Police building burglary a double blow
The burglary of a police building in Newark could end up costing £300,000.
End of year accounts for Nottinghamshire Police for 2010-11 reveal five East Midlands forces are preparing for the possibility of a joint fine of up to £300,000 from the Information Commissioner's Office.
The forces believe they will be fined after a burglary at the East Midlands Collaboration Unit in Stephenson Way, off Brunel Drive, on August 14 last year.
The unit is where the Nottinghamshire, Lincolnshire, Derbyshire, Leicestershire and Northamptonshire forces plan how to work more effectively.

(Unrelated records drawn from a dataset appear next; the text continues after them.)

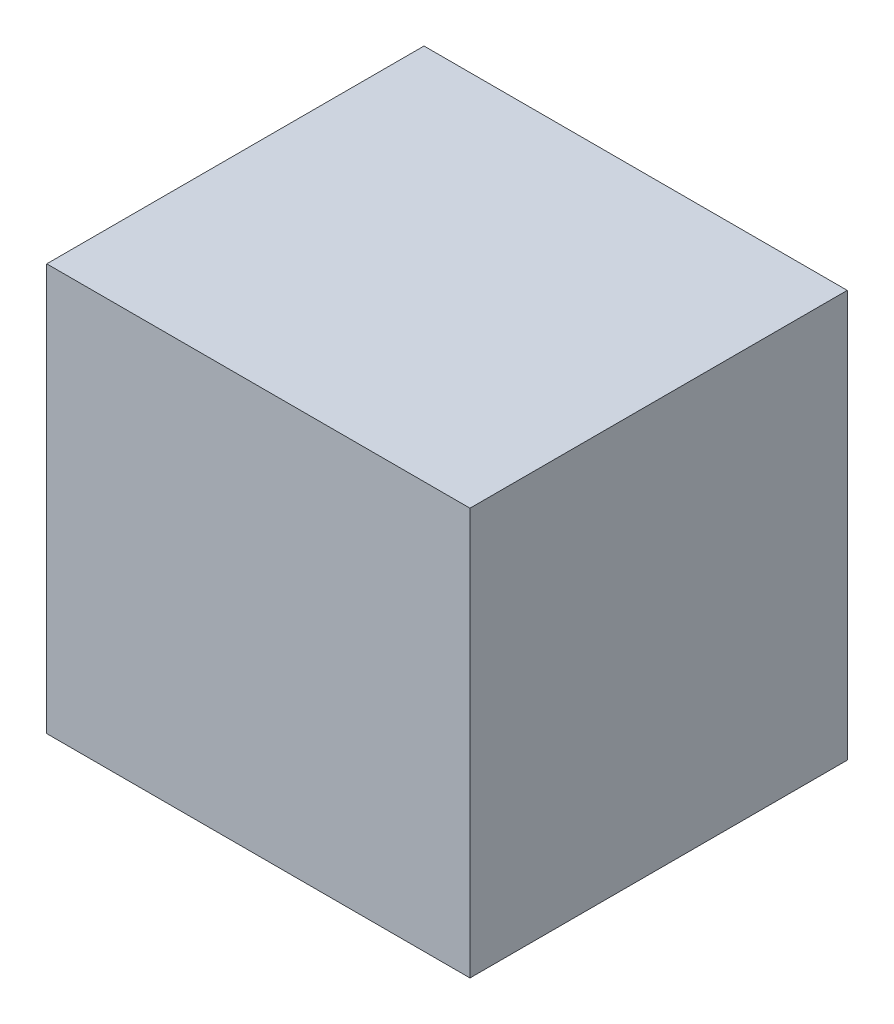
ISO-10303-21;
HEADER;
FILE_DESCRIPTION(('STEP AP214'),'2;1');
FILE_NAME('part.step','',(''),(''),'','','');
FILE_SCHEMA(('AUTOMOTIVE_DESIGN { 1 0 10303 214 1 1 1 1 }'));
ENDSEC;
DATA;
#1=APPLICATION_CONTEXT('core data for automotive mechanical design processes');
#2=APPLICATION_PROTOCOL_DEFINITION('international standard','automotive_design',2000,#1);
#3=PRODUCT_CONTEXT('',#1,'mechanical');
#4=PRODUCT('Part','Part','',(#3));
#5=PRODUCT_RELATED_PRODUCT_CATEGORY('part','',(#4));
#6=PRODUCT_DEFINITION_FORMATION('','',#4);
#7=PRODUCT_DEFINITION_CONTEXT('part definition',#1,'design');
#8=PRODUCT_DEFINITION('design','',#6,#7);
#9=PRODUCT_DEFINITION_SHAPE('','',#8);
#10=(LENGTH_UNIT() NAMED_UNIT(*) SI_UNIT(.MILLI.,.METRE.));
#11=(NAMED_UNIT(*) PLANE_ANGLE_UNIT() SI_UNIT($,.RADIAN.));
#12=(NAMED_UNIT(*) SI_UNIT($,.STERADIAN.) SOLID_ANGLE_UNIT());
#13=UNCERTAINTY_MEASURE_WITH_UNIT(LENGTH_MEASURE(1.E-05),#10,'distance_accuracy_value','');
#14=(GEOMETRIC_REPRESENTATION_CONTEXT(3) GLOBAL_UNCERTAINTY_ASSIGNED_CONTEXT((#13)) GLOBAL_UNIT_ASSIGNED_CONTEXT((#10,
#11,#12)) REPRESENTATION_CONTEXT('',''));
#15=CARTESIAN_POINT('',(0.,0.,0.));
#16=DIRECTION('',(0.,0.,1.));
#17=DIRECTION('',(1.,0.,0.));
#18=AXIS2_PLACEMENT_3D('',#15,#16,#17);
#19=CARTESIAN_POINT('',(60.,48.6331747110809,28.3147324463436));
#20=DIRECTION('',(0.,0.,-1.));
#21=DIRECTION('',(-1.,0.,0.));
#22=AXIS2_PLACEMENT_3D('',#19,#20,#21);
#23=PLANE('',#22);
#24=DIRECTION('',(0.,-1.,0.));
#25=VECTOR('',#24,1.);
#26=CARTESIAN_POINT('',(-30.,48.6331747110809,28.3147324463436));
#27=LINE('',#26,#25);
#28=CARTESIAN_POINT('',(-30.,48.6331747110809,28.3147324463436));
#29=VERTEX_POINT('',#28);
#30=CARTESIAN_POINT('',(-30.,-37.8840633194134,28.3147324463436));
#31=VERTEX_POINT('',#30);
#32=EDGE_CURVE('E99',#29,#31,#27,.T.);
#33=ORIENTED_EDGE('',*,*,#32,.T.);
#34=DIRECTION('',(-1.,0.,0.));
#35=VECTOR('',#34,1.);
#36=CARTESIAN_POINT('',(60.,-37.8840633194134,28.3147324463436));
#37=LINE('',#36,#35);
#38=CARTESIAN_POINT('',(60.,-37.8840633194134,28.3147324463436));
#39=VERTEX_POINT('',#38);
#40=EDGE_CURVE('E11',#39,#31,#37,.T.);
#41=ORIENTED_EDGE('',*,*,#40,.F.);
#42=DIRECTION('',(0.,-1.,0.));
#43=VECTOR('',#42,1.);
#44=CARTESIAN_POINT('',(60.,48.6331747110809,28.3147324463436));
#45=LINE('',#44,#43);
#46=CARTESIAN_POINT('',(60.,48.6331747110809,28.3147324463436));
#47=VERTEX_POINT('',#46);
#48=EDGE_CURVE('E87',#47,#39,#45,.T.);
#49=ORIENTED_EDGE('',*,*,#48,.F.);
#50=DIRECTION('',(-1.,0.,0.));
#51=VECTOR('',#50,1.);
#52=CARTESIAN_POINT('',(60.,48.6331747110809,28.3147324463436));
#53=LINE('',#52,#51);
#54=EDGE_CURVE('E95',#47,#29,#53,.T.);
#55=ORIENTED_EDGE('',*,*,#54,.T.);
#56=EDGE_LOOP('',(#33,#41,#49,#55));
#57=FACE_BOUND('',#56,.T.);
#58=ADVANCED_FACE('F36',(#57),#23,.F.);
#59=CARTESIAN_POINT('',(60.,-37.8840633194134,28.3147324463436));
#60=DIRECTION('',(0.,1.,0.));
#61=DIRECTION('',(0.,0.,1.));
#62=AXIS2_PLACEMENT_3D('',#59,#60,#61);
#63=PLANE('',#62);
#64=DIRECTION('',(0.,0.,-1.));
#65=VECTOR('',#64,1.);
#66=CARTESIAN_POINT('',(-30.,-37.8840633194134,28.3147324463436));
#67=LINE('',#66,#65);
#68=CARTESIAN_POINT('',(-30.,-37.8840633194134,-51.9103428182966));
#69=VERTEX_POINT('',#68);
#70=EDGE_CURVE('E91',#31,#69,#67,.T.);
#71=ORIENTED_EDGE('',*,*,#70,.T.);
#72=DIRECTION('',(-1.,0.,0.));
#73=VECTOR('',#72,1.);
#74=CARTESIAN_POINT('',(60.,-37.8840633194134,-51.9103428182966));
#75=LINE('',#74,#73);
#76=CARTESIAN_POINT('',(60.,-37.8840633194134,-51.9103428182966));
#77=VERTEX_POINT('',#76);
#78=EDGE_CURVE('E44',#77,#69,#75,.T.);
#79=ORIENTED_EDGE('',*,*,#78,.F.);
#80=DIRECTION('',(0.,0.,-1.));
#81=VECTOR('',#80,1.);
#82=CARTESIAN_POINT('',(60.,-37.8840633194134,28.3147324463436));
#83=LINE('',#82,#81);
#84=EDGE_CURVE('E82',#39,#77,#83,.T.);
#85=ORIENTED_EDGE('',*,*,#84,.F.);
#86=ORIENTED_EDGE('',*,*,#40,.T.);
#87=EDGE_LOOP('',(#71,#79,#85,#86));
#88=FACE_BOUND('',#87,.T.);
#89=ADVANCED_FACE('F90',(#88),#63,.F.);
#90=CARTESIAN_POINT('',(60.,48.6331747110809,-51.9103428182966));
#91=DIRECTION('',(0.,0.,1.));
#92=DIRECTION('',(1.,0.,0.));
#93=AXIS2_PLACEMENT_3D('',#90,#91,#92);
#94=PLANE('',#93);
#95=DIRECTION('',(0.,1.,0.));
#96=VECTOR('',#95,1.);
#97=CARTESIAN_POINT('',(-30.,48.6331747110809,-51.9103428182966));
#98=LINE('',#97,#96);
#99=CARTESIAN_POINT('',(-30.,48.6331747110809,-51.9103428182966));
#100=VERTEX_POINT('',#99);
#101=EDGE_CURVE('E69',#69,#100,#98,.T.);
#102=ORIENTED_EDGE('',*,*,#101,.T.);
#103=DIRECTION('',(-1.,0.,0.));
#104=VECTOR('',#103,1.);
#105=CARTESIAN_POINT('',(60.,48.6331747110809,-51.9103428182966));
#106=LINE('',#105,#104);
#107=CARTESIAN_POINT('',(60.,48.6331747110809,-51.9103428182966));
#108=VERTEX_POINT('',#107);
#109=EDGE_CURVE('E92',#108,#100,#106,.T.);
#110=ORIENTED_EDGE('',*,*,#109,.F.);
#111=DIRECTION('',(0.,1.,0.));
#112=VECTOR('',#111,1.);
#113=CARTESIAN_POINT('',(60.,48.6331747110809,-51.9103428182966));
#114=LINE('',#113,#112);
#115=EDGE_CURVE('E85',#77,#108,#114,.T.);
#116=ORIENTED_EDGE('',*,*,#115,.F.);
#117=ORIENTED_EDGE('',*,*,#78,.T.);
#118=EDGE_LOOP('',(#102,#110,#116,#117));
#119=FACE_BOUND('',#118,.T.);
#120=ADVANCED_FACE('F93',(#119),#94,.F.);
#121=CARTESIAN_POINT('',(60.,48.6331747110809,28.3147324463436));
#122=DIRECTION('',(0.,-1.,0.));
#123=DIRECTION('',(0.,0.,-1.));
#124=AXIS2_PLACEMENT_3D('',#121,#122,#123);
#125=PLANE('',#124);
#126=DIRECTION('',(0.,0.,1.));
#127=VECTOR('',#126,1.);
#128=CARTESIAN_POINT('',(-30.,48.6331747110809,28.3147324463436));
#129=LINE('',#128,#127);
#130=EDGE_CURVE('E75',#100,#29,#129,.T.);
#131=ORIENTED_EDGE('',*,*,#130,.T.);
#132=ORIENTED_EDGE('',*,*,#54,.F.);
#133=DIRECTION('',(0.,0.,1.));
#134=VECTOR('',#133,1.);
#135=CARTESIAN_POINT('',(60.,48.6331747110809,28.3147324463436));
#136=LINE('',#135,#134);
#137=EDGE_CURVE('E52',#108,#47,#136,.T.);
#138=ORIENTED_EDGE('',*,*,#137,.F.);
#139=ORIENTED_EDGE('',*,*,#109,.T.);
#140=EDGE_LOOP('',(#131,#132,#138,#139));
#141=FACE_BOUND('',#140,.T.);
#142=ADVANCED_FACE('F106',(#141),#125,.F.);
#143=CARTESIAN_POINT('',(60.,-10.7491113916675,23.595610371953));
#144=DIRECTION('',(1.,0.,0.));
#145=DIRECTION('',(0.,0.,-1.));
#146=AXIS2_PLACEMENT_3D('',#143,#144,#145);
#147=PLANE('',#146);
#148=ORIENTED_EDGE('',*,*,#48,.T.);
#149=ORIENTED_EDGE('',*,*,#84,.T.);
#150=ORIENTED_EDGE('',*,*,#115,.T.);
#151=ORIENTED_EDGE('',*,*,#137,.T.);
#152=EDGE_LOOP('',(#148,#149,#150,#151));
#153=FACE_BOUND('',#152,.T.);
#154=ADVANCED_FACE('F83',(#153),#147,.T.);
#155=CARTESIAN_POINT('',(-30.,-10.7491113916675,23.595610371953));
#156=DIRECTION('',(1.,0.,0.));
#157=DIRECTION('',(0.,0.,-1.));
#158=AXIS2_PLACEMENT_3D('',#155,#156,#157);
#159=PLANE('',#158);
#160=ORIENTED_EDGE('',*,*,#32,.F.);
#161=ORIENTED_EDGE('',*,*,#130,.F.);
#162=ORIENTED_EDGE('',*,*,#101,.F.);
#163=ORIENTED_EDGE('',*,*,#70,.F.);
#164=EDGE_LOOP('',(#160,#161,#162,#163));
#165=FACE_BOUND('',#164,.T.);
#166=ADVANCED_FACE('F109',(#165),#159,.F.);
#167=CLOSED_SHELL('',(#58,#89,#120,#142,#154,#166));
#168=MANIFOLD_SOLID_BREP('B2',#167);
#169=ADVANCED_BREP_SHAPE_REPRESENTATION('',(#18,#168),#14);
#170=SHAPE_DEFINITION_REPRESENTATION(#9,#169);
ENDSEC;
END-ISO-10303-21;

As exclusively revealed by the Advertiser at the time, several laptop computers and a TV were taken.
A Nottinghamshire Police Authority spokesman said the £300,000 was a best guess at what the five forces would pay and the assumption was that any fine would be shared equally among them. Its share would be paid from reserves.
It has not been revealed what information the encrypted laptops contained.
A spokesman for the unit said: “The majority of work undertaken in the office is administrative, involving project work.
"Any information on the computers will not be readily accessible to third parties.
“Officers arrived within minutes, but the offenders had left with a number of items."
A spokesman for the Information Commissioner said: "An investigation involving Notts Police is ongoing. We are unable to give any further information at this stage."
The collaboration unit began when a merger between the five forces was being pushed by the Government in 2006.
Lincolnshire Police took out an initial three-year lease on the property, which has now been renewed, in secret at a cost to the taxpayer of £200,000.
When the merger plan was dropped in May, 2006, Lincolnshire Police was already committed to the lease.
Senior officers from forces and their police authorities meet at the unit.
Work carried out there included standardisation and joint procurement of uniforms, equipment and IT in bulk, cross-county policing procedures, and aspects of co-operative working such as shared use of helicopters, firearms and scenes-of-crime officers.
It came up with the idea for the new regional major crime unit that will tackle murders and other serious crimes.
The Information Commissioner's Office is an independent body that protects public data held on computers.
It has been able to issue fines of up to £500,000 for serious breaches of the Data Protection Act since April last year.